### Dataset extract ###

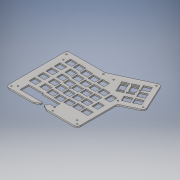
# Autodesk Inventor part: steelplate right
Saved by Autodesk Inventor 2016 (Build 200138000, 138)
## iProperties
Created: 2016-01-27
Part Number: steelplate right
Material: Generic
Document SubType Name: Sheet Metal
Designer: Fab Lab
Density: 1 g/cm^3
Sheet Metal Rule: Default
Appearance: Default
Author: Fab Lab
Autodesk Inventor part; units mm, degrees
ref_plane "YZ Plane" through (0, 0, 0) normal (1, 0, 0) x (0, 1, 0)
ref_plane "XZ Plane" through (0, 0, 0) normal (0, 1, 0) x (-1, 0, 0)
ref_plane "XY Plane" through (0, 0, 0) normal (0, 0, 1) x (1, 0, 0)
sketch "Sketch1" plane through (0, 0, 0) normal (0, 1, 0) x (-1, 0, 0)
  line L0 (-203.0862, 221.0628) -> (-258.5956, 221.0628)
  line L1 (-287.8818, 221.0628) -> (-350.173, 221.0628)
  line L2 (-342.06, 221.0628) -> (-350.173, 221.0628)
  line L3 (-277.102195, 211.948924) -> (-279.894095, 211.949068)
  line L4 (-269.4008, 215.9498) -> (-269.4008, 211.949)
  line L5 (-218.894185, 211.949) -> (-269.4008, 211.949)
  line L6 (-269.4008, 215.9498) -> (-267.9008, 215.9498)
  line L7 (-278.60199, 215.949801) -> (-277.10199, 215.949724)
  line L8 (-267.9008, 215.9498) -> (-258.5956, 221.0628)
  line L9 (-287.8818, 221.0628) -> (-278.5767, 215.9498)
  line L10 (-291.226534, 207.296649) -> (-279.894334, 207.296068)
  line L11 (-279.894095, 211.949068) -> (-279.894334, 207.296068)
  spline S0 degree 3 poles (-361.2149, 128.8298) (-358.7492, 129.9795) (-357.173, 132.4535) (-357.173, 135.174) knots 0 0 0 0 1 1 1 1
  line L12 (-361.2149, 128.8298) -> (-358.7492, 129.9795) construction
  line L13 (-358.7492, 129.9795) -> (-357.173, 132.4535) construction
  line L14 (-357.173, 132.4535) -> (-357.173, 135.174) construction
  spline S1 degree 3 poles (-280.219, 82.6328) (-281.241, 82.6328) (-282.2506, 82.409) (-283.1768, 81.9771) knots 0 0 0 0 1 1 1 1
  line L15 (-280.219, 82.6328) -> (-281.241, 82.6328) construction
  line L16 (-281.241, 82.6328) -> (-282.2506, 82.409) construction
  line L17 (-282.2506, 82.409) -> (-283.1768, 81.9771) construction
  line L18 (-357.172987, 214.0628) -> (-357.172987, 135.1741)
  line L19 (-196.0862, 89.6328) -> (-196.0862, 214.0628)
  line L20 (-398.011196, 103.949092) -> (-372.0468, 48.2678)
  line L21 (-362.7448, 44.8818) -> (-283.1768, 81.9771)
  line L22 (-280.219, 82.6328) -> (-203.0862, 82.6328)
  spline S2 degree 3 poles (-196.0862, 214.0628) (-196.0862, 215.9193) (-196.8237, 217.6997) (-198.1365, 219.0125) knots 0 0 0 0 1 1 1 1
  line L23 (-196.0862, 214.0628) -> (-196.0862, 215.9193) construction
  line L24 (-196.0862, 215.9193) -> (-196.8237, 217.6997) construction
  line L25 (-196.8237, 217.6997) -> (-198.1365, 219.0125) construction
  line L26 (-198.1365, 219.0125) -> (-198.1365, 219.0125) construction
  line L27 (-198.1365, 219.0125) -> (-199.4492, 220.3253) construction
  line L28 (-199.4492, 220.3253) -> (-201.2297, 221.0628) construction
  line L29 (-201.2297, 221.0628) -> (-203.0862, 221.0628) construction
  spline S3 degree 3 poles (-350.173, 221.0628) (-352.0295, 221.0628) (-353.81, 220.3253) (-355.1228, 219.0125) knots 0 0 0 0 1 1 1 1
  line L30 (-350.173, 221.0628) -> (-352.0295, 221.0628) construction
  line L31 (-352.0295, 221.0628) -> (-353.81, 220.3253) construction
  line L32 (-353.81, 220.3253) -> (-355.1228, 219.0125) construction
  line L33 (-355.1228, 219.0125) -> (-355.1228, 219.0125) construction
  line L34 (-355.1228, 219.0125) -> (-356.4355, 217.6997) construction
  line L35 (-356.4355, 217.6997) -> (-357.173, 215.9193) construction
  line L36 (-357.173, 215.9193) -> (-357.172987, 214.0628) construction
  line L37 (-361.2149, 128.8298) -> (-394.6251, 113.2517)
  spline S4 degree 3 poles (-203.0862, 82.6328) (-199.2202, 82.6328) (-196.0862, 85.7667) (-196.0862, 89.6327) knots 0 0 0 0 1 1 1 1
  line L38 (-203.0862, 82.6328) -> (-199.2202, 82.6328) construction
  line L39 (-199.2202, 82.6328) -> (-196.0862, 85.7667) construction
  line L40 (-196.0862, 85.7667) -> (-196.0862, 89.6327) construction
  spline S5 degree 3 poles (-372.0468, 48.2678) (-370.413, 44.7642) (-366.2485, 43.2483) (-362.7448, 44.8818) knots 0 0 0 0 1 1 1 1
  line L41 (-372.0468, 48.2678) -> (-370.413, 44.7642) construction
  line L42 (-370.413, 44.7642) -> (-366.2485, 43.2483) construction
  line L43 (-366.2485, 43.2483) -> (-362.7448, 44.8818) construction
  spline S6 degree 3 poles (-394.6251, 113.2517) (-396.3077, 112.4671) (-397.6098, 111.0463) (-398.2448, 109.3017) knots 0 0 0 0 1 1 1 1
  line L44 (-394.6251, 113.2517) -> (-396.3077, 112.4671) construction
  line L45 (-396.3077, 112.4671) -> (-397.6098, 111.0463) construction
  line L46 (-397.6098, 111.0463) -> (-398.2448, 109.3017) construction
  line L47 (-398.2448, 109.3017) -> (-398.2448, 109.3017) construction
  line L48 (-398.2448, 109.3017) -> (-398.8798, 107.5571) construction
  line L49 (-398.8798, 107.5571) -> (-398.7958, 105.6317) construction
  line L50 (-398.7958, 105.6317) -> (-398.011196, 103.949092) construction
  line L51 (-277.10199, 215.949724) -> (-277.102195, 211.948924)
  line L52 (-291.894992, 194.449787) -> (-291.894457, 206.045087)
  line L53 (-251.675985, 192.447826) -> (-218.895085, 192.446313)
  line L54 (-218.895085, 192.446313) -> (-218.894185, 211.949)
  line L55 (-251.675892, 194.447826) -> (-291.894992, 194.449683)
  line L56 (-251.675892, 194.447826) -> (-251.675985, 192.447826)
  line L57 (-227.2963, 171.6071) -> (-211.7963, 171.6071)
  line L58 (-211.7963, 171.6071) -> (-211.7963, 184.4071)
  line L59 (-211.7963, 184.4071) -> (-227.2963, 184.4071)
  line L60 (-227.2963, 184.4071) -> (-227.2963, 171.6071)
  line L61 (-251.0963, 171.6071) -> (-235.5963, 171.6071)
  line L62 (-235.5963, 171.6071) -> (-235.5963, 184.4071)
  line L63 (-235.5963, 184.4071) -> (-251.0963, 184.4071)
  line L64 (-251.0963, 184.4071) -> (-251.0963, 171.6071)
  line L65 (-227.2963, 152.5071) -> (-211.7963, 152.5071)
  line L66 (-211.7963, 152.5071) -> (-211.7963, 165.3071)
  line L67 (-211.7963, 165.3071) -> (-227.2963, 165.3071)
  line L68 (-227.2963, 165.3071) -> (-227.2963, 152.5071)
  line L69 (-251.0963, 152.5071) -> (-235.5963, 152.5071)
  line L70 (-235.5963, 152.5071) -> (-235.5963, 165.3071)
  line L71 (-235.5963, 165.3071) -> (-251.0963, 165.3071)
  line L72 (-251.0963, 165.3071) -> (-251.0963, 152.5071)
  line L73 (-227.2963, 133.5071) -> (-211.7963, 133.5071)
  line L74 (-211.7963, 133.5071) -> (-211.7963, 146.3071)
  line L75 (-211.7963, 146.3071) -> (-227.2963, 146.3071)
  line L76 (-227.2963, 146.3071) -> (-227.2963, 133.5071)
  line L77 (-251.0963, 133.5071) -> (-235.5963, 133.5071)
  line L78 (-235.5963, 133.5071) -> (-235.5963, 146.3071)
  line L79 (-235.5963, 146.3071) -> (-251.0963, 146.3071)
  line L80 (-251.0963, 146.3071) -> (-251.0963, 133.5071)
  line L81 (-227.2963, 114.5071) -> (-211.7963, 114.5071)
  line L82 (-211.7963, 114.5071) -> (-211.7963, 127.3071)
  line L83 (-211.7963, 127.3071) -> (-227.2963, 127.3071)
  line L84 (-227.2963, 127.3071) -> (-227.2963, 114.5071)
  line L85 (-251.0963, 114.5071) -> (-235.5963, 114.5071)
  line L86 (-235.5963, 114.5071) -> (-235.5963, 127.3071)
  line L87 (-235.5963, 127.3071) -> (-251.0963, 127.3071)
  line L88 (-251.0963, 127.3071) -> (-251.0963, 114.5071)
  line L89 (-270.0539, 174.7882) -> (-254.5539, 174.7882)
  line L90 (-254.5539, 174.7882) -> (-254.5539, 187.5882)
  line L91 (-254.5539, 187.5882) -> (-270.0539, 187.5882)
  line L92 (-270.0539, 187.5882) -> (-270.0539, 174.7882)
  line L93 (-270.0539, 155.6882) -> (-254.5539, 155.6882)
  line L94 (-254.5539, 155.6882) -> (-254.5539, 168.4882)
  line L95 (-254.5539, 168.4882) -> (-270.0539, 168.4882)
  line L96 (-270.0539, 168.4882) -> (-270.0539, 155.6882)
  line L97 (-270.0539, 136.6882) -> (-254.5539, 136.6882)
  line L98 (-254.5539, 136.6882) -> (-254.5539, 149.4882)
  line L99 (-254.5539, 149.4882) -> (-270.0539, 149.4882)
  line L100 (-270.0539, 149.4882) -> (-270.0539, 136.6882)
  line L101 (-270.0539, 117.6882) -> (-254.5539, 117.6882)
  line L102 (-254.5539, 117.6882) -> (-254.5539, 130.4882)
  line L103 (-254.5539, 130.4882) -> (-270.0539, 130.4882)
  line L104 (-270.0539, 130.4882) -> (-270.0539, 117.6882)
  line L105 (-270.0539, 98.5882) -> (-254.5539, 98.5882)
  line L106 (-254.5539, 98.5882) -> (-254.5539, 111.3882)
  line L107 (-254.5539, 111.3882) -> (-270.0539, 111.3882)
  line L108 (-270.0539, 111.3882) -> (-270.0539, 98.5882)
  line L109 (-289.1803, 176.3757) -> (-273.6803, 176.3757)
  line L110 (-273.6803, 176.3757) -> (-273.6803, 189.1757)
  line L111 (-273.6803, 189.1757) -> (-289.1803, 189.1757)
  line L112 (-289.1803, 189.1757) -> (-289.1803, 176.3757)
  line L113 (-289.1803, 157.2757) -> (-273.6803, 157.2757)
  line L114 (-273.6803, 157.2757) -> (-273.6803, 170.0757)
  line L115 (-273.6803, 170.0757) -> (-289.1803, 170.0757)
  line L116 (-289.1803, 170.0757) -> (-289.1803, 157.2757)
  line L117 (-289.1803, 138.2757) -> (-273.6803, 138.2757)
  line L118 (-273.6803, 138.2757) -> (-273.6803, 151.0757)
  line L119 (-273.6803, 151.0757) -> (-289.1803, 151.0757)
  line L120 (-289.1803, 151.0757) -> (-289.1803, 138.2757)
  line L121 (-289.1803, 119.2757) -> (-273.6803, 119.2757)
  line L122 (-273.6803, 119.2757) -> (-273.6803, 132.0757)
  line L123 (-273.6803, 132.0757) -> (-289.1803, 132.0757)
  line L124 (-289.1803, 132.0757) -> (-289.1803, 119.2757)
  line L125 (-289.1803, 100.1757) -> (-273.6803, 100.1757)
  line L126 (-273.6803, 100.1757) -> (-273.6803, 112.9757)
  line L127 (-273.6803, 112.9757) -> (-289.1803, 112.9757)
  line L128 (-289.1803, 112.9757) -> (-289.1803, 100.1757)
  line L129 (-308.1764, 174.8083) -> (-292.6764, 174.8083)
  line L130 (-292.6764, 174.8083) -> (-292.6764, 187.6083)
  line L131 (-292.6764, 187.6083) -> (-308.1764, 187.6083)
  line L132 (-308.1764, 187.6083) -> (-308.1764, 174.8083)
  line L133 (-308.1764, 155.7083) -> (-292.6764, 155.7083)
  line L134 (-292.6764, 155.7083) -> (-292.6764, 168.5083)
  line L135 (-292.6764, 168.5083) -> (-308.1764, 168.5083)
  line L136 (-308.1764, 168.5083) -> (-308.1764, 155.7083)
  line L137 (-308.1764, 136.7083) -> (-292.6764, 136.7083)
  line L138 (-292.6764, 136.7083) -> (-292.6764, 149.5083)
  line L139 (-292.6764, 149.5083) -> (-308.1764, 149.5083)
  line L140 (-308.1764, 149.5083) -> (-308.1764, 136.7083)
  line L141 (-308.1764, 117.7083) -> (-292.6764, 117.7083)
  line L142 (-292.6764, 117.7083) -> (-292.6764, 130.5083)
  line L143 (-292.6764, 130.5083) -> (-308.1764, 130.5083)
  line L144 (-308.1764, 130.5083) -> (-308.1764, 117.7083)
  line L145 (-308.1764, 98.6083) -> (-292.6764, 98.6083)
  line L146 (-292.6764, 98.6083) -> (-292.6764, 111.4083)
  line L147 (-292.6764, 111.4083) -> (-308.1764, 111.4083)
  line L148 (-308.1764, 111.4083) -> (-308.1764, 98.6083)
  line L149 (-327.2289, 173.5307) -> (-311.7289, 173.5307)
  line L150 (-311.7289, 173.5307) -> (-311.7289, 186.3307)
  line L151 (-311.7289, 186.3307) -> (-327.2289, 186.3307)
  line L152 (-327.2289, 186.3307) -> (-327.2289, 173.5307)
  line L153 (-327.2289, 154.4307) -> (-311.7289, 154.4307)
  line L154 (-311.7289, 154.4307) -> (-311.7289, 167.2307)
  line L155 (-311.7289, 167.2307) -> (-327.2289, 167.2307)
  line L156 (-327.2289, 167.2307) -> (-327.2289, 154.4307)
  line L157 (-327.2289, 135.4307) -> (-311.7289, 135.4307)
  line L158 (-311.7289, 135.4307) -> (-311.7289, 148.2307)
  line L159 (-311.7289, 148.2307) -> (-327.2289, 148.2307)
  line L160 (-327.2289, 148.2307) -> (-327.2289, 135.4307)
  line L161 (-327.2289, 116.4307) -> (-311.7289, 116.4307)
  line L162 (-311.7289, 116.4307) -> (-311.7289, 129.2307)
  line L163 (-311.7289, 129.2307) -> (-327.2289, 129.2307)
  line L164 (-327.2289, 129.2307) -> (-327.2289, 116.4307)
  line L165 (-346.3289, 173.5307) -> (-330.8289, 173.5307)
  line L166 (-330.8289, 173.5307) -> (-330.8289, 186.3307)
  line L167 (-330.8289, 186.3307) -> (-346.3289, 186.3307)
  line L168 (-346.3289, 186.3307) -> (-346.3289, 173.5307)
  line L169 (-251.0963, 95.4071) -> (-235.5963, 95.4071)
  line L170 (-235.5963, 95.4071) -> (-235.5963, 108.2071)
  line L171 (-235.5963, 108.2071) -> (-251.0963, 108.2071)
  line L172 (-251.0963, 108.2071) -> (-251.0963, 95.4071)
  line L173 (-231.9963, 95.4071) -> (-216.4963, 95.4071)
  line L174 (-216.4963, 95.4071) -> (-216.4963, 108.2071)
  line L175 (-216.4963, 108.2071) -> (-231.9963, 108.2071)
  line L176 (-231.9963, 108.2071) -> (-231.9963, 95.4071)
  line L177 (-332.7989, 147.8041) -> (-332.7989, 163.3041)
  line L178 (-332.7989, 163.3041) -> (-345.5989, 163.3041)
  line L179 (-345.5989, 163.3041) -> (-345.5989, 147.8041)
  line L180 (-345.5989, 147.8041) -> (-332.7989, 147.8041)
  line L181 (-332.7989, 119.2041) -> (-332.7989, 134.7041)
  line L182 (-332.7989, 134.7041) -> (-345.5989, 134.7041)
  line L183 (-345.5989, 134.7041) -> (-345.5989, 119.2041)
  line L184 (-345.5989, 119.2041) -> (-332.7989, 119.2041)
  line L185 (-354.9415, 118.8037) -> (-368.9892, 112.2531)
  line L186 (-368.9892, 112.2531) -> (-363.5797, 100.6523)
  line L187 (-363.5797, 100.6523) -> (-349.5319, 107.2029)
  line L188 (-349.5319, 107.2029) -> (-354.9415, 118.8037)
  line L189 (-372.2276, 110.778) -> (-386.2753, 104.2274)
  line L190 (-386.2753, 104.2274) -> (-380.8658, 92.6266)
  line L191 (-380.866146, 92.626439) -> (-366.81815, 99.17662)
  line L192 (-366.818, 99.1772) -> (-372.2276, 110.778)
  line L193 (-364.1137, 93.4918) -> (-378.1614, 86.9412)
  line L194 (-378.1614, 86.9412) -> (-372.7519, 75.3404)
  line L195 (-372.7519, 75.3404) -> (-358.7041, 81.891)
  line L196 (-358.7041, 81.891) -> (-364.1137, 93.4918)
  line L197 (-356.088, 76.2056) -> (-370.1357, 69.655)
  line L198 (-370.1357, 69.655) -> (-364.7262, 58.0542)
  line L199 (-364.7262, 58.0542) -> (-350.6784, 64.6048)
  line L200 (-350.678414, 64.604794) -> (-356.088, 76.2056)
  line L201 (-321.1491, 86.872) -> (-327.6997, 100.9198)
  line L202 (-327.6997, 100.9198) -> (-339.3004, 95.5103)
  line L203 (-339.3004, 95.5103) -> (-332.7499, 81.4625)
  line L204 (-332.7499, 81.4625) -> (-321.1491, 86.872)
  line L205 (-338.3471, 78.7581) -> (-344.8977, 92.8059)
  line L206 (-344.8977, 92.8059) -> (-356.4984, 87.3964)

###

Taking the material above, extract exactly and only the lines from the line with "line L62 (-235.5963, 171.6071)" to the line with "line L75 (-211.7963, 146.3071)", inclusive of both.

Result below:
  line L62 (-235.5963, 171.6071) -> (-235.5963, 184.4071)
  line L63 (-235.5963, 184.4071) -> (-251.0963, 184.4071)
  line L64 (-251.0963, 184.4071) -> (-251.0963, 171.6071)
  line L65 (-227.2963, 152.5071) -> (-211.7963, 152.5071)
  line L66 (-211.7963, 152.5071) -> (-211.7963, 165.3071)
  line L67 (-211.7963, 165.3071) -> (-227.2963, 165.3071)
  line L68 (-227.2963, 165.3071) -> (-227.2963, 152.5071)
  line L69 (-251.0963, 152.5071) -> (-235.5963, 152.5071)
  line L70 (-235.5963, 152.5071) -> (-235.5963, 165.3071)
  line L71 (-235.5963, 165.3071) -> (-251.0963, 165.3071)
  line L72 (-251.0963, 165.3071) -> (-251.0963, 152.5071)
  line L73 (-227.2963, 133.5071) -> (-211.7963, 133.5071)
  line L74 (-211.7963, 133.5071) -> (-211.7963, 146.3071)
  line L75 (-211.7963, 146.3071) -> (-227.2963, 146.3071)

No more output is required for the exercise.